Cf fiche pratique Gestion et Patrimoine

– PEI (plan d’épargne interentreprises) : Ce plan est un PEE commun à plusieurs entreprises ne constituant pas un groupe.

– PEG (plan d’épargne groupe) : Ce plan est un PEE mis en place au sein d’un groupe d’entreprises.

– Le plan d’épargne pour la retraite collectif (Perco) : Ce plan est un dispositif d’entreprise qui permet aux salariés de se constituer une épargne.

Les sommes sont bloquées jusqu’à la retraite, sauf cas de déblocage exceptionnel (un décès, l’invalidité du salarié ou de l’époux, le surendettement du salarié, l’acquisition de sa résidence principale, l’expiration des droits du salariés à l’assurance chômage).

Les versements du salarié peuvent être complétés par des contributions supplémentaires de l’entreprise appelées abondements.
Au moment de la retraite, les sommes sont disponibles sous forme de rente ou sous forme de capital, si l’accord collectif le prévoit.

Quels avantages pour le dirigeant ?

  • Un dispositif vertueux et solidaire

L’idée du partage de profit est au cœur du principe de l’épargne salariale.
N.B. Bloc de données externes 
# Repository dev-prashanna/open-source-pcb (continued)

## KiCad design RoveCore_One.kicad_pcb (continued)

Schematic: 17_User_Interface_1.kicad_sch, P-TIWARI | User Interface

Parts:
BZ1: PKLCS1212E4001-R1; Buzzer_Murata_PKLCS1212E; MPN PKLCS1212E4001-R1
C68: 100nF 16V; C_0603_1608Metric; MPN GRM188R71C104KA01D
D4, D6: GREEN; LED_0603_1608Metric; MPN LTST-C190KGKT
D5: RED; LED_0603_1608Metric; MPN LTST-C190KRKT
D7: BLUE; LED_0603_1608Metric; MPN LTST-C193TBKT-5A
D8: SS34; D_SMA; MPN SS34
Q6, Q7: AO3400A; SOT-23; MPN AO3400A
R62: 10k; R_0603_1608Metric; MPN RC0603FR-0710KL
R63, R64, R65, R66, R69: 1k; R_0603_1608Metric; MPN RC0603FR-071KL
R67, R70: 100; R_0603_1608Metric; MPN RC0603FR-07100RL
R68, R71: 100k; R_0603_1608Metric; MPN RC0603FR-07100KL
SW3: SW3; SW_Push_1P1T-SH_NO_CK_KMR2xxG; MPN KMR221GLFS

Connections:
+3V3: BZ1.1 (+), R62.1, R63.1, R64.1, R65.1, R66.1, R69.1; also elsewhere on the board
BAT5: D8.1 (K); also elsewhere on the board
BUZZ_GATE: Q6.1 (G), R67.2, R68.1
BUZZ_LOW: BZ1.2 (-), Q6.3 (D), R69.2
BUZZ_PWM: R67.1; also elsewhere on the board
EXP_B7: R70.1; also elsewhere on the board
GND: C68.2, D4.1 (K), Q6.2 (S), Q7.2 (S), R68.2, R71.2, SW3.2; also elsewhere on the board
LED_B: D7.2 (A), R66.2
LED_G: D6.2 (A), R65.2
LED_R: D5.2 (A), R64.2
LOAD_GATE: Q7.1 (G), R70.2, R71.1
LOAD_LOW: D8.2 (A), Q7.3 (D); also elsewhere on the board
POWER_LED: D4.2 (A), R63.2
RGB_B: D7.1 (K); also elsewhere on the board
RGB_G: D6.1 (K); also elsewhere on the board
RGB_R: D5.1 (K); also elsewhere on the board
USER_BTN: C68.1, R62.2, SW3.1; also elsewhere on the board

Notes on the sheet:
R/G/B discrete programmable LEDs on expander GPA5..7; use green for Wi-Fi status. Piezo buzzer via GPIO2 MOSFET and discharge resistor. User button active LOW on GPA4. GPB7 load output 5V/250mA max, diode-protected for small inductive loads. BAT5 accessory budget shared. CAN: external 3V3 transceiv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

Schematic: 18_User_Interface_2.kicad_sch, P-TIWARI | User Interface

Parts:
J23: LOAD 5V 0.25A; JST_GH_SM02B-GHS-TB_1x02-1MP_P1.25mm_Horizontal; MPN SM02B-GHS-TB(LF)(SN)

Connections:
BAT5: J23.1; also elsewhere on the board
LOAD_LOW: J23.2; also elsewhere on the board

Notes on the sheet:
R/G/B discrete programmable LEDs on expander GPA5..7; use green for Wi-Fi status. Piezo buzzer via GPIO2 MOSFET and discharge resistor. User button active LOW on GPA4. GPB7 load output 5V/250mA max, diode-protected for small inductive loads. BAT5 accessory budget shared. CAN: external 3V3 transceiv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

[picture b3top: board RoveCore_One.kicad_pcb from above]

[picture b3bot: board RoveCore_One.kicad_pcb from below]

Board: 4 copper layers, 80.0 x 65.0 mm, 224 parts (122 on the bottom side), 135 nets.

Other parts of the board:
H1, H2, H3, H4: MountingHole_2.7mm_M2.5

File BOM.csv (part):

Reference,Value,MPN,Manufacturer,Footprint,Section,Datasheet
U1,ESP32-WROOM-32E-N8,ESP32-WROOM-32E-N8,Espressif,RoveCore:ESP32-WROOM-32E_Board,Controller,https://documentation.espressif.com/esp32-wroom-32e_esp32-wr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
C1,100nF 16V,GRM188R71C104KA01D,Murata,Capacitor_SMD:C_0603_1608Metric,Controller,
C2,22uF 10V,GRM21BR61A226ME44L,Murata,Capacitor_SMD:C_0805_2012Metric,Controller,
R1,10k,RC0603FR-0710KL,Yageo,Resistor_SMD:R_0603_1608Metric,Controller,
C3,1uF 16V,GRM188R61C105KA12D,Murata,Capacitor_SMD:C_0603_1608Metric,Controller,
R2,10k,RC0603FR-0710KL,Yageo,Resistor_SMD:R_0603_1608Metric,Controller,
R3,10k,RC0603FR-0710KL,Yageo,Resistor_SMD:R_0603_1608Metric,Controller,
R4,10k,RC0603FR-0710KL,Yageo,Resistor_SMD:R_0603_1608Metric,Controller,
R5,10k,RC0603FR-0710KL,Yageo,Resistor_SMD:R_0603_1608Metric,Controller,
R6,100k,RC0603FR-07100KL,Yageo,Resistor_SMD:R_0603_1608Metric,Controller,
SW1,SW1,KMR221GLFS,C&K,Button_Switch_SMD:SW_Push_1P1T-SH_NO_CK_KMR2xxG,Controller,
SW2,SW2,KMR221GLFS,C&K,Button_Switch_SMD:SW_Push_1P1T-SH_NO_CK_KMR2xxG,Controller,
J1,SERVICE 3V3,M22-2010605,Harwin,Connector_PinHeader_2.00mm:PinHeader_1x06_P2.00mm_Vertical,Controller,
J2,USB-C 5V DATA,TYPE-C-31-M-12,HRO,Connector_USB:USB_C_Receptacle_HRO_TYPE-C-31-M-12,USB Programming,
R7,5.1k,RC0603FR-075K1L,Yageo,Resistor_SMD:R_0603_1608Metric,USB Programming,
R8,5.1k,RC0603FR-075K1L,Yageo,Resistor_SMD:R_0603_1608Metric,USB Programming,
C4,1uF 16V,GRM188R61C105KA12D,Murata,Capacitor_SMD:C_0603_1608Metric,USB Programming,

Cette dernière bénéficie en ce sens à l’ensemble des titulaires d’un contrat de travail ainsi qu’aux dirigeants d’entreprises, sous certaines conditions.

L’épargne salariale est en outre un levier important de la finance responsable. Les offres de PEE et de Perco doivent en effet obligatoirement contenir un fonds d’investissement solidaire dont une partie est investie en titres d’entreprises solidaires et souvent gérée selon un processus ISR (investissement socialement responsable).

  • Une invitation à l’épargne

Les primes versées au titre de l’intéressement et de la participation amorcent un système avantageux d’épargne qui peut en outre être complétée par des abondements (dans la limite de 8% du Pass pour le PEE et 16% pour le Perco). Elles peuvent ainsi favoriser la sensibilisation du salarié à la constitution d’un capital en prévision de la problématique du financement de sa retraite.

  • Un placement défiscalisé

Si le salarié choisit un plan d’épargne salariale, l’avantage est double : les sommes versées par l’entreprise sont exonérées de charges salariales et les sommes capitalisées sont exonérées d’impôt, sauf prélèvements sociaux.

L’abondement est l’atout majeur de l’épargne salariale pour l’entreprise. En effet, les sommes versées au titre de l’abondement sont certes soumises à une taxe de 20% mais elles sont déductibles du résultat, au même titre que les salaires.